══ EXERCISE INPUTS ══

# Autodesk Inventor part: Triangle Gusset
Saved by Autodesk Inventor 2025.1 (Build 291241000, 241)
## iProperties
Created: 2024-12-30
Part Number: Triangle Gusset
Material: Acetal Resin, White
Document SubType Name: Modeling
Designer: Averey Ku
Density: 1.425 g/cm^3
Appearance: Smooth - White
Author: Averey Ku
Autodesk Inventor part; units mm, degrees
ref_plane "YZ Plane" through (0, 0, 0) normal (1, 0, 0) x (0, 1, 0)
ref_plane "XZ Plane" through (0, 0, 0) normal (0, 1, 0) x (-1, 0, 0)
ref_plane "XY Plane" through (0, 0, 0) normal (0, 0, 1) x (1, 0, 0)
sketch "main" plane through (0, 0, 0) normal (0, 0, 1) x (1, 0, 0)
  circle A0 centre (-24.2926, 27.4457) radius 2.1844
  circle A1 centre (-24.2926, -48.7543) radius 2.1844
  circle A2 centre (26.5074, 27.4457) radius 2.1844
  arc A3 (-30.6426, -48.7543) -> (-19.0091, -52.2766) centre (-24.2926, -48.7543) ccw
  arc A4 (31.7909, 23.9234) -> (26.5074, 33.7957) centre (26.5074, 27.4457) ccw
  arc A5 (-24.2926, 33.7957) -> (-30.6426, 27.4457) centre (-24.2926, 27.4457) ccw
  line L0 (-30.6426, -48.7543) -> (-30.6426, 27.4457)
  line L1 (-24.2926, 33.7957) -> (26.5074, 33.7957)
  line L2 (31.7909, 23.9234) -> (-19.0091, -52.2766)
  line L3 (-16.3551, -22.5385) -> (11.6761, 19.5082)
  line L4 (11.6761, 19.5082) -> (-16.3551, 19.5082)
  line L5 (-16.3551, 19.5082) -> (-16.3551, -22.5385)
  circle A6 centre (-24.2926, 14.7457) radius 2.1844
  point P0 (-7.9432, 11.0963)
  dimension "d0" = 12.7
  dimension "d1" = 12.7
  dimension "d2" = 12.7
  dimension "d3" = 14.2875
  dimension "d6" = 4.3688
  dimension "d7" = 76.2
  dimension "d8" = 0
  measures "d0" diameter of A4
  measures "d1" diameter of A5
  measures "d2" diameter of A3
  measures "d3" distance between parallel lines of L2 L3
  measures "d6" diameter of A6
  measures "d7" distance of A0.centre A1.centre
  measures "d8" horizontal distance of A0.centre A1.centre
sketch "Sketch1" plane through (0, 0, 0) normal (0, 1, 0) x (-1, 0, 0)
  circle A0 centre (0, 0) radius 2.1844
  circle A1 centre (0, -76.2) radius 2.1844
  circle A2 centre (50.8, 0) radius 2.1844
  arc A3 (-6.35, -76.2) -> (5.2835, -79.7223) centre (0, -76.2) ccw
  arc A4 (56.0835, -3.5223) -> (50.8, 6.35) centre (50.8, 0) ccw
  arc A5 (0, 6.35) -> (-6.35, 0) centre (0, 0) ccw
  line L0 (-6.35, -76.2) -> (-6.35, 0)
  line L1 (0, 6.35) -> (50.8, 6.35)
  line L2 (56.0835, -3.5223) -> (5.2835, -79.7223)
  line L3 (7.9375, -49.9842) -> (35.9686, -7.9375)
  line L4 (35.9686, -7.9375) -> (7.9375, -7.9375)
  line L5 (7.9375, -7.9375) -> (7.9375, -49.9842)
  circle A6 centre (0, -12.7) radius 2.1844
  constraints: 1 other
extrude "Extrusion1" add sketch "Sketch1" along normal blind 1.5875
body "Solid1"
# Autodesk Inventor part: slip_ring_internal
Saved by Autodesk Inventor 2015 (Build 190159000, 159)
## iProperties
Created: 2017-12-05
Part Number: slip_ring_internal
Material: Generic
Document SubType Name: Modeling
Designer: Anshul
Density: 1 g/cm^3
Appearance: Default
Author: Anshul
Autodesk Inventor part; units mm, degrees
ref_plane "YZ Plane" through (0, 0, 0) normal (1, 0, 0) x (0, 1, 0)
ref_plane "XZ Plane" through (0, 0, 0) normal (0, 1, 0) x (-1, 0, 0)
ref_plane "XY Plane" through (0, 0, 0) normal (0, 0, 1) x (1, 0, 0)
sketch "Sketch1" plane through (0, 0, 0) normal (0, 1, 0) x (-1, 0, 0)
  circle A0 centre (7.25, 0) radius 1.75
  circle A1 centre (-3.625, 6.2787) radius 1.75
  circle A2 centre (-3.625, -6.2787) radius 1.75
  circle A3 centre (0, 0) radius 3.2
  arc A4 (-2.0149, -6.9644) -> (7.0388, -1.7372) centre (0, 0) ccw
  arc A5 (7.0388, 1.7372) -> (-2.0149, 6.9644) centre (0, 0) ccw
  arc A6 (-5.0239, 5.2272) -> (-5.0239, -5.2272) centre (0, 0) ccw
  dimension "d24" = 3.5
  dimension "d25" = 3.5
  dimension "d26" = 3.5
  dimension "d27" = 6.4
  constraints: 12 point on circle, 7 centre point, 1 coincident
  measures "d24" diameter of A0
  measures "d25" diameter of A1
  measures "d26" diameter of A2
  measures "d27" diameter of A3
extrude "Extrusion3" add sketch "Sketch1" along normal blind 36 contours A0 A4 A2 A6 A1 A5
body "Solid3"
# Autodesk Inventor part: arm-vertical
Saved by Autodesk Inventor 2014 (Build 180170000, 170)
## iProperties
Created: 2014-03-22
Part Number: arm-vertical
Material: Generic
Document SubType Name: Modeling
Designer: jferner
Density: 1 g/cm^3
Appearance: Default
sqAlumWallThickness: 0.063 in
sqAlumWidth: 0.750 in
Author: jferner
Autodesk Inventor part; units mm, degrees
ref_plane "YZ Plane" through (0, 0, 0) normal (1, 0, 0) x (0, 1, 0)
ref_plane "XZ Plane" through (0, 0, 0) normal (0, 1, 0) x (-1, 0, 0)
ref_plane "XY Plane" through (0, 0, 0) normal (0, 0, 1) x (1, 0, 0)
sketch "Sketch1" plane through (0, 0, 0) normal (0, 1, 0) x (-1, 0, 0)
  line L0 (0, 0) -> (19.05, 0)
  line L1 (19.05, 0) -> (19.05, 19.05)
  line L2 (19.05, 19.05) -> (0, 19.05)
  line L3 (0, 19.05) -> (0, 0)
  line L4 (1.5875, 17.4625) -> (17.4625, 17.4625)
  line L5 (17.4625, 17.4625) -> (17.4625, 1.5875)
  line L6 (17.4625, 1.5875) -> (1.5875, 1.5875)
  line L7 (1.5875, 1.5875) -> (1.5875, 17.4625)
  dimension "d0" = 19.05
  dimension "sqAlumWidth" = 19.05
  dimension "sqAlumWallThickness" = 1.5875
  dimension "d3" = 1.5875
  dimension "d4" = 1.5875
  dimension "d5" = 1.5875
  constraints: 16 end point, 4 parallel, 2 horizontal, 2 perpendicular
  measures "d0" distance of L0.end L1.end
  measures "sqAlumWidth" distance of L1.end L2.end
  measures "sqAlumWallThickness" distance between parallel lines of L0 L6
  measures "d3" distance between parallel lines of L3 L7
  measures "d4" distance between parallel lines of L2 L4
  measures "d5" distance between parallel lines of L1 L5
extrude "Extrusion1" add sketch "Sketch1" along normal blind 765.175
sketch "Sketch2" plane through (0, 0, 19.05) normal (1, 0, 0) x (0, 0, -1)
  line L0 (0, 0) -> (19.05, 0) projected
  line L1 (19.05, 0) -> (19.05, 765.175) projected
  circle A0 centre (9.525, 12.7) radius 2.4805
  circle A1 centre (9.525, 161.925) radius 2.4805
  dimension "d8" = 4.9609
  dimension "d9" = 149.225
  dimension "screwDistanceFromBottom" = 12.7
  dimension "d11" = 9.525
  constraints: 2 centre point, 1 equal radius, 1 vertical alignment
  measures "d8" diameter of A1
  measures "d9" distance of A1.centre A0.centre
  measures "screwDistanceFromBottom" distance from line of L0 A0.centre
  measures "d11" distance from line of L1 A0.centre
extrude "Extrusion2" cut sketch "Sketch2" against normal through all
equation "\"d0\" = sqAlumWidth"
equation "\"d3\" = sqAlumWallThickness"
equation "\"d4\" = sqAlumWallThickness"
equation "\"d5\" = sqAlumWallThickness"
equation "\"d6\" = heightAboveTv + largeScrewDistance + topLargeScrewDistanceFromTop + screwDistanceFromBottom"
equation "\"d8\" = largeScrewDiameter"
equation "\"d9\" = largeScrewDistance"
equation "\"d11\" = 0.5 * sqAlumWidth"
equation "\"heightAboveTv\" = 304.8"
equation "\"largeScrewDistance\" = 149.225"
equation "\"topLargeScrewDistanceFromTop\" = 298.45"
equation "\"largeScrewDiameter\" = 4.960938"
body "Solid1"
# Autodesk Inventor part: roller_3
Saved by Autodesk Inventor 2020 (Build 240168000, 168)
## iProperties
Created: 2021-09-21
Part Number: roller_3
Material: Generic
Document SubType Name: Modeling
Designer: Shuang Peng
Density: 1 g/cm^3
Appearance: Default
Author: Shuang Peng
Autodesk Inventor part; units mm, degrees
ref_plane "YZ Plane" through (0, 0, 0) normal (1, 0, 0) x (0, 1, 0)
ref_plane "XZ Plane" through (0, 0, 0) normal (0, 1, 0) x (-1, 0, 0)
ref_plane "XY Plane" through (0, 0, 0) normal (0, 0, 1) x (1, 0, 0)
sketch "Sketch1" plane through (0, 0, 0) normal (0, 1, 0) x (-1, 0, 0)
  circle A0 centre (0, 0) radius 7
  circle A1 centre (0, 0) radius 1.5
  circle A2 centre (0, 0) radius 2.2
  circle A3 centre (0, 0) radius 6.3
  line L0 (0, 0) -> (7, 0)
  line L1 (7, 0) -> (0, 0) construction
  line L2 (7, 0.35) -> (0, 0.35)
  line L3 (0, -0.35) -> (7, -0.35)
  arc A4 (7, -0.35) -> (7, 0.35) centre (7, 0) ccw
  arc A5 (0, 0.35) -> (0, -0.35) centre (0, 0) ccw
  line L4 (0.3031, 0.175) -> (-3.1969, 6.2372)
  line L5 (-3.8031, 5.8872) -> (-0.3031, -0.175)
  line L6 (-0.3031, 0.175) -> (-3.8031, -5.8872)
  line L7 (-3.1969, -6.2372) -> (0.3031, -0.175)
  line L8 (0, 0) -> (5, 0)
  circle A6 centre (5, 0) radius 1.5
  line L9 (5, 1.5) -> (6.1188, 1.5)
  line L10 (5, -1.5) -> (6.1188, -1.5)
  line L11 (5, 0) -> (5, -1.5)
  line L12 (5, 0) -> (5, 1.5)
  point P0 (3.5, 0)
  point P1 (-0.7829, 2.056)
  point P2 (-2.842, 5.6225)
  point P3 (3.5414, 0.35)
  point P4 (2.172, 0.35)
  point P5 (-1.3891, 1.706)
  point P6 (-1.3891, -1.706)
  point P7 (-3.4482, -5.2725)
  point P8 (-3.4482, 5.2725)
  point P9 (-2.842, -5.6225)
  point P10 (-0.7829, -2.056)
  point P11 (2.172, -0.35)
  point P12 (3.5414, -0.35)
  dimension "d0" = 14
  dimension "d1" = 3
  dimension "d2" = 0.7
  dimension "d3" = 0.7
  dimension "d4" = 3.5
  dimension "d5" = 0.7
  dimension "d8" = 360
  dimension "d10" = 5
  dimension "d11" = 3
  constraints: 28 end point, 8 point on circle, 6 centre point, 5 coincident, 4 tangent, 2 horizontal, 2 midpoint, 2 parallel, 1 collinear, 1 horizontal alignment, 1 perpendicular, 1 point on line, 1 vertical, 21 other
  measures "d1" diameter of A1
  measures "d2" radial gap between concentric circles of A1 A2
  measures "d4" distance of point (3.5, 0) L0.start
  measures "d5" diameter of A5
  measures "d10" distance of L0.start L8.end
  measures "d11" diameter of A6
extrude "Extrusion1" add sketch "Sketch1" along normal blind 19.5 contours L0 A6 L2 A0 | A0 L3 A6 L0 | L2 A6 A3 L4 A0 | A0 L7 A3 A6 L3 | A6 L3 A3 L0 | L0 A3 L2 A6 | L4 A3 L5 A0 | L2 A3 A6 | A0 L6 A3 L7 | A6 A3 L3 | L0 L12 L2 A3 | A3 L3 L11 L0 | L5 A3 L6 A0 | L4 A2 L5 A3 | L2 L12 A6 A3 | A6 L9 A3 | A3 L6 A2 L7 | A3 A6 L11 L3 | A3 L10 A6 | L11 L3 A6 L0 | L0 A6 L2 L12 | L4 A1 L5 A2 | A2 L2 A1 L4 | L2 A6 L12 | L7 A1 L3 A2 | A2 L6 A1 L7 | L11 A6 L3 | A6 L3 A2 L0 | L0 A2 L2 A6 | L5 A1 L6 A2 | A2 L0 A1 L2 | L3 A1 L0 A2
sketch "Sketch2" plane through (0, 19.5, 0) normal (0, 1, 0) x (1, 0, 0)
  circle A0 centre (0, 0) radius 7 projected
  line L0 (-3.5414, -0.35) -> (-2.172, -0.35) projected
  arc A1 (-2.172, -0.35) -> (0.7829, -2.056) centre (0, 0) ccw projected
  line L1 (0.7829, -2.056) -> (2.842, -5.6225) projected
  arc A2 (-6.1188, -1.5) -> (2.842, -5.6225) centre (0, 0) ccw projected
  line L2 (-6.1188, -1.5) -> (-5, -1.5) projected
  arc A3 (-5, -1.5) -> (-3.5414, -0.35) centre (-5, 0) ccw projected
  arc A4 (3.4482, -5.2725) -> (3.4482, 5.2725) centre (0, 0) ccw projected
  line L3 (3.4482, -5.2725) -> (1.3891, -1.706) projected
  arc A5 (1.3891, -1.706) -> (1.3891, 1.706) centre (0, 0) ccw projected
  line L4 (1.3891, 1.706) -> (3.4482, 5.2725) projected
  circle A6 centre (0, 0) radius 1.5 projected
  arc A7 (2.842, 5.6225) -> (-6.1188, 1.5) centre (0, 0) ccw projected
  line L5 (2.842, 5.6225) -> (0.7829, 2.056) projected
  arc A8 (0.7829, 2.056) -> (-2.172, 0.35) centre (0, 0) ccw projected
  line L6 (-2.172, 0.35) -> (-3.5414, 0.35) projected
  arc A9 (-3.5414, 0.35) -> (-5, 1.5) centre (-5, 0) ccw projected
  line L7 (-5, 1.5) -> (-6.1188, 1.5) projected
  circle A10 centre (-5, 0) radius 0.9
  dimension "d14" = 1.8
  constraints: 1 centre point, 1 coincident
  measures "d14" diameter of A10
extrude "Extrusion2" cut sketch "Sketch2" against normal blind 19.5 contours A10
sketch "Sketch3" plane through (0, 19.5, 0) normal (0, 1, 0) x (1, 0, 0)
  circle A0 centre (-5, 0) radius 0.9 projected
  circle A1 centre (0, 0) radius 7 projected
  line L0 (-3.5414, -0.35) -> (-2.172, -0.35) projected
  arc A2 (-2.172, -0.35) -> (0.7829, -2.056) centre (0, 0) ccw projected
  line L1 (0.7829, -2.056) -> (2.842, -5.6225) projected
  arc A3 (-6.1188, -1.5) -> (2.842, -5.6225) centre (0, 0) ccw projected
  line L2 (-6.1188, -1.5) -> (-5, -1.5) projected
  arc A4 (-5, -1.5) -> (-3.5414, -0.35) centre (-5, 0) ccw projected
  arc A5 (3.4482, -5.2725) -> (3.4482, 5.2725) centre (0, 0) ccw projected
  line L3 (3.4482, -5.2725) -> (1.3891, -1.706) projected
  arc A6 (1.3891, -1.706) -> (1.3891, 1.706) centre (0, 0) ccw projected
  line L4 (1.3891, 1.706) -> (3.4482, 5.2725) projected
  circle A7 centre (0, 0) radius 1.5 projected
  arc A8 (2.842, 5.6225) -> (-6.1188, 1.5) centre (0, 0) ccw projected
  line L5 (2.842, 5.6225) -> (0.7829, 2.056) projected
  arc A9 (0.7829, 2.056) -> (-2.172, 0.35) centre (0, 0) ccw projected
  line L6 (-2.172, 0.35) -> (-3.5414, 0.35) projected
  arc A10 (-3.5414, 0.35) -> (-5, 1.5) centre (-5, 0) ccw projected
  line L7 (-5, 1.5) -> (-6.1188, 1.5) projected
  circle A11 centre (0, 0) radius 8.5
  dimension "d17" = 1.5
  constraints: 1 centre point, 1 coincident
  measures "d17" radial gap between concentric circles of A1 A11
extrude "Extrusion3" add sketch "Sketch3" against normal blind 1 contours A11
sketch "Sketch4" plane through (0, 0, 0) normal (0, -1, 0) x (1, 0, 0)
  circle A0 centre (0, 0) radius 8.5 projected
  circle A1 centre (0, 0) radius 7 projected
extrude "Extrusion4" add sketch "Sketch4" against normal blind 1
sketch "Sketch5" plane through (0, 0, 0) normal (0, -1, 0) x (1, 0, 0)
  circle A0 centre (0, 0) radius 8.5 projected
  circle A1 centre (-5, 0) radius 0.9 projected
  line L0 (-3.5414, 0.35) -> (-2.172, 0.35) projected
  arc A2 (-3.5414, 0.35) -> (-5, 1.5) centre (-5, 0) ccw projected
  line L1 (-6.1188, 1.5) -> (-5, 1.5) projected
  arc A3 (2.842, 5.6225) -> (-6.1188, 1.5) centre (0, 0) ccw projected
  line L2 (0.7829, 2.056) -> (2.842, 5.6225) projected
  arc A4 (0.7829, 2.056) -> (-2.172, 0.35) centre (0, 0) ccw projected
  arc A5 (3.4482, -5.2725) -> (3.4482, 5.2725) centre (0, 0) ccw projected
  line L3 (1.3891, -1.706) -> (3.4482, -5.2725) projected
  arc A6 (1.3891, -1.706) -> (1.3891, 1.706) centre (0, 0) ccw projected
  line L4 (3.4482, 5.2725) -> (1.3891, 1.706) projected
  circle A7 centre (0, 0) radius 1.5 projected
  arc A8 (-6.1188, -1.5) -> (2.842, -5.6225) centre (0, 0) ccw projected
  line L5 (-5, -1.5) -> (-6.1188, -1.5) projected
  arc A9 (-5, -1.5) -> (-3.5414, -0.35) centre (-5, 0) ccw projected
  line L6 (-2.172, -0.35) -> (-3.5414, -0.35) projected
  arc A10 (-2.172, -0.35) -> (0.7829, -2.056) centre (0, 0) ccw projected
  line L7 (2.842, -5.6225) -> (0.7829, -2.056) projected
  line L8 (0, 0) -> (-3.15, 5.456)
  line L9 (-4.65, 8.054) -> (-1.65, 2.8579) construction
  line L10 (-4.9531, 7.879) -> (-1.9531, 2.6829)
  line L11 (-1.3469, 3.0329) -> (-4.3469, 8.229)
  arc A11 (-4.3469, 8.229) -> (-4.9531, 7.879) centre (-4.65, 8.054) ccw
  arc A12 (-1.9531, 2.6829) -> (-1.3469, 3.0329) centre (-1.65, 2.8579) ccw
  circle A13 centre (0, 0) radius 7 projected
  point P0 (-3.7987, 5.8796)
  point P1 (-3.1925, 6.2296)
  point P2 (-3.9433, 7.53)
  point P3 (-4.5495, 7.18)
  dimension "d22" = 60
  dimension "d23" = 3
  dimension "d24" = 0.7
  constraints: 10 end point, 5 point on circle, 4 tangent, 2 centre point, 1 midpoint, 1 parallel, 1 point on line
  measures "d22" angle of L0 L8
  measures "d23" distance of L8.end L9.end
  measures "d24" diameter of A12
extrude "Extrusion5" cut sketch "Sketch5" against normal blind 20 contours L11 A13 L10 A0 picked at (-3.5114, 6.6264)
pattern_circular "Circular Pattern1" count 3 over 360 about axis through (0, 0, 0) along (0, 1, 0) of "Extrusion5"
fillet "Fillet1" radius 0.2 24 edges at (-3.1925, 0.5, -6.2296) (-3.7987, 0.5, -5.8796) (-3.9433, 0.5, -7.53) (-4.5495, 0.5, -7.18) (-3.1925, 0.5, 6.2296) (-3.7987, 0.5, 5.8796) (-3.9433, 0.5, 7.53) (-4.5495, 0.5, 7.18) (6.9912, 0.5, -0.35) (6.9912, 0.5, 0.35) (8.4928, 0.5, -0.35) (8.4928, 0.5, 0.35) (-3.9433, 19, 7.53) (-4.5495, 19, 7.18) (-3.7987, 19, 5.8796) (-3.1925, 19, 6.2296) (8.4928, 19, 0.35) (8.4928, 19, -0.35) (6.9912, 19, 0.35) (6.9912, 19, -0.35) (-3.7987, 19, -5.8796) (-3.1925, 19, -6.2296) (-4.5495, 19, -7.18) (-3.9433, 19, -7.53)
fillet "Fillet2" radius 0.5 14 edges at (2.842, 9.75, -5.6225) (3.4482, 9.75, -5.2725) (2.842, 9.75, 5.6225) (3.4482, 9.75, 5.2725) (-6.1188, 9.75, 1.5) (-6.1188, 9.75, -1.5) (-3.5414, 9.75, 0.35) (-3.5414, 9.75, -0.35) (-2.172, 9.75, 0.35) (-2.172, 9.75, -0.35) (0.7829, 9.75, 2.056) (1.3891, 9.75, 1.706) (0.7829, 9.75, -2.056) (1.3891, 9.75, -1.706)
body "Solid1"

═══

» WHAT TO DO: Search the data for the string "largeScrewDiameter" and copy every line where it appears.

» ANSWER TO THIS TASK:
equation "\"d8\" = largeScrewDiameter"
equation "\"largeScrewDiameter\" = 4.960938"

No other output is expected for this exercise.